An investigation of our call to the `head` command illustrates two fundamental concepts in R: variables and functions.
```{r, eval = FALSE}
head(x = iris)
```
+ `iris` is a variable. That is, it is a name we use to refer to some information in our computer's memory. In this case, the information is a table of flower measurements.
+ `head` is the name of the function that prints out the first six rows of a `data.frame`. Most functions require some form of input; in this example, we provided one piece of input to `head`: the name of the variable for which we want the first six lines.

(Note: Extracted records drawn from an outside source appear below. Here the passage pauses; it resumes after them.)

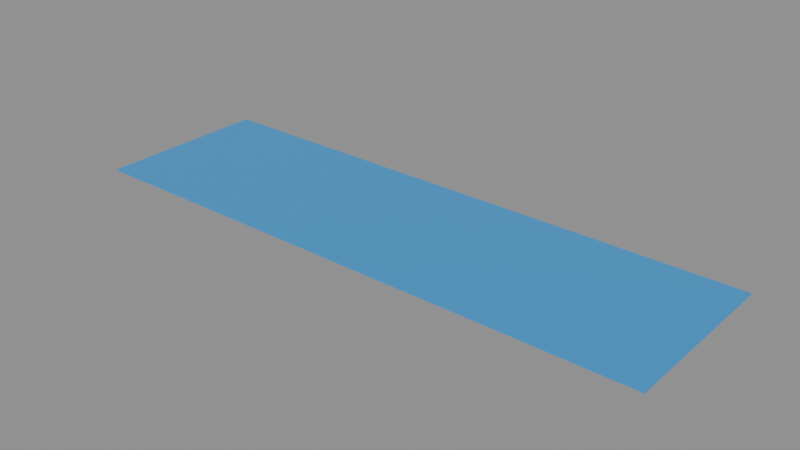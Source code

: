 # Source: scene.blend  (saved by Blender 5.1.30; exported with 4.5.12 LTS)
import bpy
from mathutils import Matrix  # noqa: F401  (used for matrix-valued properties, if any)

bpy.ops.wm.read_factory_settings(use_empty=True)
scene = bpy.context.scene
scene.name = 'Scene'

# ---- materials (node trees are filled in below, after node groups)
mat_ribbonmaterial = bpy.data.materials.new('RibbonMaterial')

# ---- material node trees
mat_ribbonmaterial.use_nodes = True; mat_ribbonmaterial.node_tree.nodes.clear()
_N = mat_ribbonmaterial.node_tree.nodes; _L = mat_ribbonmaterial.node_tree.links
n0 = _N.new('ShaderNodeBsdfPrincipled'); n0.name = 'Principled BSDF'; n0.location = (-200, 100)
n0.inputs[0].default_value = (0.04, 0.35, 0.8, 1.0)
n0.inputs[1].default_value = 0.15
n0.inputs[2].default_value = 0.4
n1 = _N.new('ShaderNodeOutputMaterial'); n1.name = 'Material Output'; n1.location = (200, 100)
_L.new(n0.outputs[0], n1.inputs[0])
n1.is_active_output = True

# ---- meshes
me_grid = bpy.data.meshes.new('Grid')
me_grid.from_pydata([(-1.0, -1.0, 0.0), (-0.9394, -1.0, 0.0), (-0.8788, -1.0, 0.0), (-0.8182, -1.0, 0.0), (-0.7576, -1.0, 0.0), (-0.697, -1.0, 0.0), (-0.6364, -1.0, 0.0), (-0.5758, -1.0, 0.0), (-0.5152, -1.0, 0.0), (-0.4545, -1.0, 0.0), (-0.3939, -1.0, 0.0), (-0.3333, -1.0, 0.0), (-0.2727, -1.0, 0.0), (-0.2121, -1.0, 0.0), (-0.1515, -1.0, 0.0), (-0.09091, -1.0, 0.0), (-0.0303, -1.0, 0.0), (0.0303, -1.0, 0.0), (0.09091, -1.0, 0.0), (0.1515, -1.0, 0.0), (0.2121, -1.0, 0.0), (0.2727, -1.0, 0.0), (0.3333, -1.0, 0.0), (0.3939, -1.0, 0.0), (0.4545, -1.0, 0.0), (0.5152, -1.0, 0.0), (0.5758, -1.0, 0.0), (0.6364, -1.0, 0.0), (0.697, -1.0, 0.0), (0.7576, -1.0, 0.0), (0.8182, -1.0, 0.0), (0.8788, -1.0, 0.0), (0.9394, -1.0, 0.0), (1.0, -1.0, 0.0), (-1.0, -0.3333, 0.0), (-0.9394, -0.3333, 0.0), (-0.8788, -0.3333, 0.0), (-0.8182, -0.3333, 0.0), (-0.7576, -0.3333, 0.0), (-0.697, -0.3333, 0.0), (-0.6364, -0.3333, 0.0), (-0.5758, -0.3333, 0.0), (-0.5152, -0.3333, 0.0), (-0.4545, -0.3333, 0.0), (-0.3939, -0.3333, 0.0), (-0.3333, -0.3333, 0.0), (-0.2727, -0.3333, 0.0), (-0.2121, -0.3333, 0.0), (-0.1515, -0.3333, 0.0), (-0.09091, -0.3333, 0.0), (-0.0303, -0.3333, 0.0), (0.0303, -0.3333, 0.0), (0.09091, -0.3333, 0.0), (0.1515, -0.3333, 0.0), (0.2121, -0.3333, 0.0), (0.2727, -0.3333, 0.0), (0.3333, -0.3333, 0.0), (0.3939, -0.3333, 0.0), (0.4545, -0.3333, 0.0), (0.5152, -0.3333, 0.0), (0.5758, -0.3333, 0.0), (0.6364, -0.3333, 0.0), (0.697, -0.3333, 0.0), (0.7576, -0.3333, 0.0), (0.8182, -0.3333, 0.0), (0.8788, -0.3333, 0.0), (0.9394, -0.3333, 0.0), (1.0, -0.3333, 0.0), (-1.0, 0.3333, 0.0), (-0.9394, 0.3333, 0.0), (-0.8788, 0.3333, 0.0), (-0.8182, 0.3333, 0.0), (-0.7576, 0.3333, 0.0), (-0.697, 0.3333, 0.0), (-0.6364, 0.3333, 0.0), (-0.5758, 0.3333, 0.0), (-0.5152, 0.3333, 0.0), (-0.4545, 0.3333, 0.0), (-0.3939, 0.3333, 0.0), (-0.3333, 0.3333, 0.0), (-0.2727, 0.3333, 0.0), (-0.2121, 0.3333, 0.0), (-0.1515, 0.3333, 0.0), (-0.09091, 0.3333, 0.0), (-0.0303, 0.3333, 0.0), (0.0303, 0.3333, 0.0), (0.09091, 0.3333, 0.0), (0.1515, 0.3333, 0.0), (0.2121, 0.3333, 0.0), (0.2727, 0.3333, 0.0), (0.3333, 0.3333, 0.0), (0.3939, 0.3333, 0.0), (0.4545, 0.3333, 0.0), (0.5152, 0.3333, 0.0), (0.5758, 0.3333, 0.0), (0.6364, 0.3333, 0.0), (0.697, 0.3333, 0.0), (0.7576, 0.3333, 0.0), (0.8182, 0.3333, 0.0), (0.8788, 0.3333, 0.0), (0.9394, 0.3333, 0.0), (1.0, 0.3333, 0.0), (-1.0, 1.0, 0.0), (-0.9394, 1.0, 0.0), (-0.8788, 1.0, 0.0), (-0.8182, 1.0, 0.0), (-0.7576, 1.0, 0.0), (-0.697, 1.0, 0.0), (-0.6364, 1.0, 0.0), (-0.5758, 1.0, 0.0), (-0.5152, 1.0, 0.0), (-0.4545, 1.0, 0.0), (-0.3939, 1.0, 0.0), (-0.3333, 1.0, 0.0), (-0.2727, 1.0, 0.0), (-0.2121, 1.0, 0.0), (-0.1515, 1.0, 0.0), (-0.09091, 1.0, 0.0), (-0.0303, 1.0, 0.0), (0.0303, 1.0, 0.0), (0.09091, 1.0, 0.0), (0.1515, 1.0, 0.0), (0.2121, 1.0, 0.0), (0.2727, 1.0, 0.0), (0.3333, 1.0, 0.0), (0.3939, 1.0, 0.0), (0.4545, 1.0, 0.0), (0.5152, 1.0, 0.0), (0.5758, 1.0, 0.0), (0.6364, 1.0, 0.0), (0.697, 1.0, 0.0), (0.7576, 1.0, 0.0), (0.8182, 1.0, 0.0), (0.8788, 1.0, 0.0), (0.9394, 1.0, 0.0), (1.0, 1.0, 0.0)], [], [(0, 1, 35, 34), (1, 2, 36, 35), (2, 3, 37, 36), (3, 4, 38, 37), (4, 5, 39, 38), (5, 6, 40, 39), (6, 7, 41, 40), (7, 8, 42, 41), (8, 9, 43, 42), (9, 10, 44, 43), (10, 11, 45, 44), (11, 12, 46, 45), (12, 13, 47, 46), (13, 14, 48, 47), (14, 15, 49, 48), (15, 16, 50, 49), (16, 17, 51, 50), (17, 18, 52, 51), (18, 19, 53, 52), (19, 20, 54, 53), (20, 21, 55, 54), (21, 22, 56, 55), (22, 23, 57, 56), (23, 24, 58, 57), (24, 25, 59, 58), (25, 26, 60, 59), (26, 27, 61, 60), (27, 28, 62, 61), (28, 29, 63, 62), (29, 30, 64, 63), (30, 31, 65, 64), (31, 32, 66, 65), (32, 33, 67, 66), (34, 35, 69, 68), (35, 36, 70, 69), (36, 37, 71, 70), (37, 38, 72, 71), (38, 39, 73, 72), (39, 40, 74, 73), (40, 41, 75, 74), (41, 42, 76, 75), (42, 43, 77, 76), (43, 44, 78, 77), (44, 45, 79, 78), (45, 46, 80, 79), (46, 47, 81, 80), (47, 48, 82, 81), (48, 49, 83, 82), (49, 50, 84, 83), (50, 51, 85, 84), (51, 52, 86, 85), (52, 53, 87, 86), (53, 54, 88, 87), (54, 55, 89, 88), (55, 56, 90, 89), (56, 57, 91, 90), (57, 58, 92, 91), (58, 59, 93, 92), (59, 60, 94, 93), (60, 61, 95, 94), (61, 62, 96, 95), (62, 63, 97, 96), (63, 64, 98, 97), (64, 65, 99, 98), (65, 66, 100, 99), (66, 67, 101, 100), (68, 69, 103, 102), (69, 70, 104, 103), (70, 71, 105, 104), (71, 72, 106, 105), (72, 73, 107, 106), (73, 74, 108, 107), (74, 75, 109, 108), (75, 76, 110, 109), (76, 77, 111, 110), (77, 78, 112, 111), (78, 79, 113, 112), (79, 80, 114, 113), (80, 81, 115, 114), (81, 82, 116, 115), (82, 83, 117, 116), (83, 84, 118, 117), (84, 85, 119, 118), (85, 86, 120, 119), (86, 87, 121, 120), (87, 88, 122, 121), (88, 89, 123, 122), (89, 90, 124, 123), (90, 91, 125, 124), (91, 92, 126, 125), (92, 93, 127, 126), (93, 94, 128, 127), (94, 95, 129, 128), (95, 96, 130, 129), (96, 97, 131, 130), (97, 98, 132, 131), (98, 99, 133, 132), (99, 100, 134, 133), (100, 101, 135, 134)])
_uv = me_grid.uv_layers.new(name='UVMap')
_uv.uv.foreach_set('vector', [0.0, 0.0, 0.0303, 0.0, 0.0303, 0.3333, 0.0, 0.3333, 0.0303, 0.0, 0.06061, 0.0, 0.06061, 0.3333, 0.0303, 0.3333, 0.06061, 0.0, 0.09091, 0.0, 0.09091, 0.3333, 0.06061, 0.3333, 0.09091, 0.0, 0.1212, 0.0, 0.1212, 0.3333, 0.09091, 0.3333, 0.1212, 0.0, 0.1515, 0.0, 0.1515, 0.3333, 0.1212, 0.3333, 0.1515, 0.0, 0.1818, 0.0, 0.1818, 0.3333, 0.1515, 0.3333, 0.1818, 0.0, 0.2121, 0.0, 0.2121, 0.3333, 0.1818, 0.3333, 0.2121, 0.0, 0.2424, 0.0, 0.2424, 0.3333, 0.2121, 0.3333, 0.2424, 0.0, 0.2727, 0.0, 0.2727, 0.3333, 0.2424, 0.3333, 0.2727, 0.0, 0.303, 0.0, 0.303, 0.3333, 0.2727, 0.3333, 0.303, 0.0, 0.3333, 0.0, 0.3333, 0.3333, 0.303, 0.3333, 0.3333, 0.0, 0.3636, 0.0, 0.3636, 0.3333, 0.3333, 0.3333, 0.3636, 0.0, 0.3939, 0.0, 0.3939, 0.3333, 0.3636, 0.3333, 0.3939, 0.0, 0.4242, 0.0, 0.4242, 0.3333, 0.3939, 0.3333, 0.4242, 0.0, 0.4545, 0.0, 0.4545, 0.3333, 0.4242, 0.3333, 0.4545, 0.0, 0.4848, 0.0, 0.4848, 0.3333, 0.4545, 0.3333, 0.4848, 0.0, 0.5152, 0.0, 0.5152, 0.3333, 0.4848, 0.3333, 0.5152, 0.0, 0.5455, 0.0, 0.5455, 0.3333, 0.5152, 0.3333, 0.5455, 0.0, 0.5758, 0.0, 0.5758, 0.3333, 0.5455, 0.3333, 0.5758, 0.0, 0.6061, 0.0, 0.6061, 0.3333, 0.5758, 0.3333, 0.6061, 0.0, 0.6364, 0.0, 0.6364, 0.3333, 0.6061, 0.3333, 0.6364, 0.0, 0.6667, 0.0, 0.6667, 0.3333, 0.6364, 0.3333, 0.6667, 0.0, 0.697, 0.0, 0.697, 0.3333, 0.6667, 0.3333, 0.697, 0.0, 0.7273, 0.0, 0.7273, 0.3333, 0.697, 0.3333, 0.7273, 0.0, 0.7576, 0.0, 0.7576, 0.3333, 0.7273, 0.3333, 0.7576, 0.0, 0.7879, 0.0, 0.7879, 0.3333, 0.7576, 0.3333, 0.7879, 0.0, 0.8182, 0.0, 0.8182, 0.3333, 0.7879, 0.3333, 0.8182, 0.0, 0.8485, 0.0, 0.8485, 0.3333, 0.8182, 0.3333, 0.8485, 0.0, 0.8788, 0.0, 0.8788, 0.3333, 0.8485, 0.3333, 0.8788, 0.0, 0.9091, 0.0, 0.9091, 0.3333, 0.8788, 0.3333, 0.9091, 0.0, 0.9394, 0.0, 0.9394, 0.3333, 0.9091, 0.3333, 0.9394, 0.0, 0.9697, 0.0, 0.9697, 0.3333, 0.9394, 0.3333, 0.9697, 0.0, 1.0, 0.0, 1.0, 0.3333, 0.9697, 0.3333, 0.0, 0.3333, 0.0303, 0.3333, 0.0303, 0.6667, 0.0, 0.6667, 0.0303, 0.3333, 0.06061, 0.3333, 0.06061, 0.6667, 0.0303, 0.6667, 0.06061, 0.3333, 0.09091, 0.3333, 0.09091, 0.6667, 0.06061, 0.6667, 0.09091, 0.3333, 0.1212, 0.3333, 0.1212, 0.6667, 0.09091, 0.6667, 0.1212, 0.3333, 0.1515, 0.3333, 0.1515, 0.6667, 0.1212, 0.6667, 0.1515, 0.3333, 0.1818, 0.3333, 0.1818, 0.6667, 0.1515, 0.6667, 0.1818, 0.3333, 0.2121, 0.3333, 0.2121, 0.6667, 0.1818, 0.6667, 0.2121, 0.3333, 0.2424, 0.3333, 0.2424, 0.6667, 0.2121, 0.6667, 0.2424, 0.3333, 0.2727, 0.3333, 0.2727, 0.6667, 0.2424, 0.6667, 0.2727, 0.3333, 0.303, 0.3333, 0.303, 0.6667, 0.2727, 0.6667, 0.303, 0.3333, 0.3333, 0.3333, 0.3333, 0.6667, 0.303, 0.6667, 0.3333, 0.3333, 0.3636, 0.3333, 0.3636, 0.6667, 0.3333, 0.6667, 0.3636, 0.3333, 0.3939, 0.3333, 0.3939, 0.6667, 0.3636, 0.6667, 0.3939, 0.3333, 0.4242, 0.3333, 0.4242, 0.6667, 0.3939, 0.6667, 0.4242, 0.3333, 0.4545, 0.3333, 0.4545, 0.6667, 0.4242, 0.6667, 0.4545, 0.3333, 0.4848, 0.3333, 0.4848, 0.6667, 0.4545, 0.6667, 0.4848, 0.3333, 0.5152, 0.3333, 0.5152, 0.6667, 0.4848, 0.6667, 0.5152, 0.3333, 0.5455, 0.3333, 0.5455, 0.6667, 0.5152, 0.6667, 0.5455, 0.3333, 0.5758, 0.3333, 0.5758, 0.6667, 0.5455, 0.6667, 0.5758, 0.3333, 0.6061, 0.3333, 0.6061, 0.6667, 0.5758, 0.6667, 0.6061, 0.3333, 0.6364, 0.3333, 0.6364, 0.6667, 0.6061, 0.6667, 0.6364, 0.3333, 0.6667, 0.3333, 0.6667, 0.6667, 0.6364, 0.6667, 0.6667, 0.3333, 0.697, 0.3333, 0.697, 0.6667, 0.6667, 0.6667, 0.697, 0.3333, 0.7273, 0.3333, 0.7273, 0.6667, 0.697, 0.6667, 0.7273, 0.3333, 0.7576, 0.3333, 0.7576, 0.6667, 0.7273, 0.6667, 0.7576, 0.3333, 0.7879, 0.3333, 0.7879, 0.6667, 0.7576, 0.6667, 0.7879, 0.3333, 0.8182, 0.3333, 0.8182, 0.6667, 0.7879, 0.6667, 0.8182, 0.3333, 0.8485, 0.3333, 0.8485, 0.6667, 0.8182, 0.6667, 0.8485, 0.3333, 0.8788, 0.3333, 0.8788, 0.6667, 0.8485, 0.6667, 0.8788, 0.3333, 0.9091, 0.3333, 0.9091, 0.6667, 0.8788, 0.6667, 0.9091, 0.3333, 0.9394, 0.3333, 0.9394, 0.6667, 0.9091, 0.6667, 0.9394, 0.3333, 0.9697, 0.3333, 0.9697, 0.6667, 0.9394, 0.6667, 0.9697, 0.3333, 1.0, 0.3333, 1.0, 0.6667, 0.9697, 0.6667, 0.0, 0.6667, 0.0303, 0.6667, 0.0303, 1.0, 0.0, 1.0, 0.0303, 0.6667, 0.06061, 0.6667, 0.06061, 1.0, 0.0303, 1.0, 0.06061, 0.6667, 0.09091, 0.6667, 0.09091, 1.0, 0.06061, 1.0, 0.09091, 0.6667, 0.1212, 0.6667, 0.1212, 1.0, 0.09091, 1.0, 0.1212, 0.6667, 0.1515, 0.6667, 0.1515, 1.0, 0.1212, 1.0, 0.1515, 0.6667, 0.1818, 0.6667, 0.1818, 1.0, 0.1515, 1.0, 0.1818, 0.6667, 0.2121, 0.6667, 0.2121, 1.0, 0.1818, 1.0, 0.2121, 0.6667, 0.2424, 0.6667, 0.2424, 1.0, 0.2121, 1.0, 0.2424, 0.6667, 0.2727, 0.6667, 0.2727, 1.0, 0.2424, 1.0, 0.2727, 0.6667, 0.303, 0.6667, 0.303, 1.0, 0.2727, 1.0, 0.303, 0.6667, 0.3333, 0.6667, 0.3333, 1.0, 0.303, 1.0, 0.3333, 0.6667, 0.3636, 0.6667, 0.3636, 1.0, 0.3333, 1.0, 0.3636, 0.6667, 0.3939, 0.6667, 0.3939, 1.0, 0.3636, 1.0, 0.3939, 0.6667, 0.4242, 0.6667, 0.4242, 1.0, 0.3939, 1.0, 0.4242, 0.6667, 0.4545, 0.6667, 0.4545, 1.0, 0.4242, 1.0, 0.4545, 0.6667, 0.4848, 0.6667, 0.4848, 1.0, 0.4545, 1.0, 0.4848, 0.6667, 0.5152, 0.6667, 0.5152, 1.0, 0.4848, 1.0, 0.5152, 0.6667, 0.5455, 0.6667, 0.5455, 1.0, 0.5152, 1.0, 0.5455, 0.6667, 0.5758, 0.6667, 0.5758, 1.0, 0.5455, 1.0, 0.5758, 0.6667, 0.6061, 0.6667, 0.6061, 1.0, 0.5758, 1.0, 0.6061, 0.6667, 0.6364, 0.6667, 0.6364, 1.0, 0.6061, 1.0, 0.6364, 0.6667, 0.6667, 0.6667, 0.6667, 1.0, 0.6364, 1.0, 0.6667, 0.6667, 0.697, 0.6667, 0.697, 1.0, 0.6667, 1.0, 0.697, 0.6667, 0.7273, 0.6667, 0.7273, 1.0, 0.697, 1.0, 0.7273, 0.6667, 0.7576, 0.6667, 0.7576, 1.0, 0.7273, 1.0, 0.7576, 0.6667, 0.7879, 0.6667, 0.7879, 1.0, 0.7576, 1.0, 0.7879, 0.6667, 0.8182, 0.6667, 0.8182, 1.0, 0.7879, 1.0, 0.8182, 0.6667, 0.8485, 0.6667, 0.8485, 1.0, 0.8182, 1.0, 0.8485, 0.6667, 0.8788, 0.6667, 0.8788, 1.0, 0.8485, 1.0, 0.8788, 0.6667, 0.9091, 0.6667, 0.9091, 1.0, 0.8788, 1.0, 0.9091, 0.6667, 0.9394, 0.6667, 0.9394, 1.0, 0.9091, 1.0, 0.9394, 0.6667, 0.9697, 0.6667, 0.9697, 1.0, 0.9394, 1.0, 0.9697, 0.6667, 1.0, 0.6667, 1.0, 1.0, 0.9697, 1.0])
me_grid.materials.append(mat_ribbonmaterial)
me_grid.update()

# ---- objects
ob_ribbon = bpy.data.objects.new('Ribbon', me_grid)

# ---- transforms, parenting, visibility, modifiers, constraints
ob_ribbon.location = (0.0, 0.0, 0.0)
ob_ribbon.scale = (1.0, 0.3, 1.0)
_m = ob_ribbon.modifiers.new('BeastBend', 'SIMPLE_DEFORM')
_m.deform_method = 'BEND'
_m.deform_axis = 'Y'
_m.factor = 1.571
_m.angle = 1.571

# ---- collection membership
scene.collection.objects.link(ob_ribbon)

# ---- scene / render settings (as saved in the file)
scene.frame_start = 1; scene.frame_end = 250; scene.frame_set(1)
scene.render.engine = 'BLENDER_EEVEE_NEXT'
scene.render.bake_bias = 0.0
scene.render.bake_samples = 0
scene.cycles.sampling_pattern = 'TABULATED_SOBOL'
scene.eevee.use_volume_custom_range = False
bpy.context.view_layer.update()

# ---- added for rendering (the .blend has no active camera and no usable light): camera, sun + grey world if the file has none
cam_auto = bpy.data.cameras.new('AutoCamera')
cam_auto.lens = 50.0
cam_auto.sensor_width = 36.0
cam_auto.clip_end = 1000.0
ob_auto_camera = bpy.data.objects.new('AutoCamera', cam_auto)
scene.collection.objects.link(ob_auto_camera)
ob_auto_camera.location = (1.93193, -2.31831, 1.54554)
ob_auto_camera.rotation_euler = (1.09748, -7.21219e-08, 0.694738)
scene.camera = ob_auto_camera
light_auto_sun = bpy.data.lights.new('AutoSun', 'SUN')
light_auto_sun.energy = 3.0
light_auto_sun.angle = 0.0523599
ob_auto_sun = bpy.data.objects.new('AutoSun', light_auto_sun)
scene.collection.objects.link(ob_auto_sun)
ob_auto_sun.rotation_euler = (0.872665, 0.174533, 0.523599)
if scene.world is None:
    world_auto = bpy.data.worlds.new('AutoWorld')
    world_auto.color = (0.3, 0.3, 0.3)
    scene.world = world_auto
bpy.context.view_layer.update()

Another great idea when investigating data is to plot it out to see if there are any odd values. Here we use `boxplot` to show the data for each species.
```{r}
boxplot(formula = Petal.Length ~ Species, data = iris)
```
`boxplot` uses the syntax `y ~ group`, where the reference to the left of the tilde (~) is the value to plot on the y-axis (here we are plotting the values of `Petal.Length`) and the reference to the right indicates how to group the data (here we group by the value in the `Species` column of `iris`). Find out more about the plot by typing `?boxplot` into the console.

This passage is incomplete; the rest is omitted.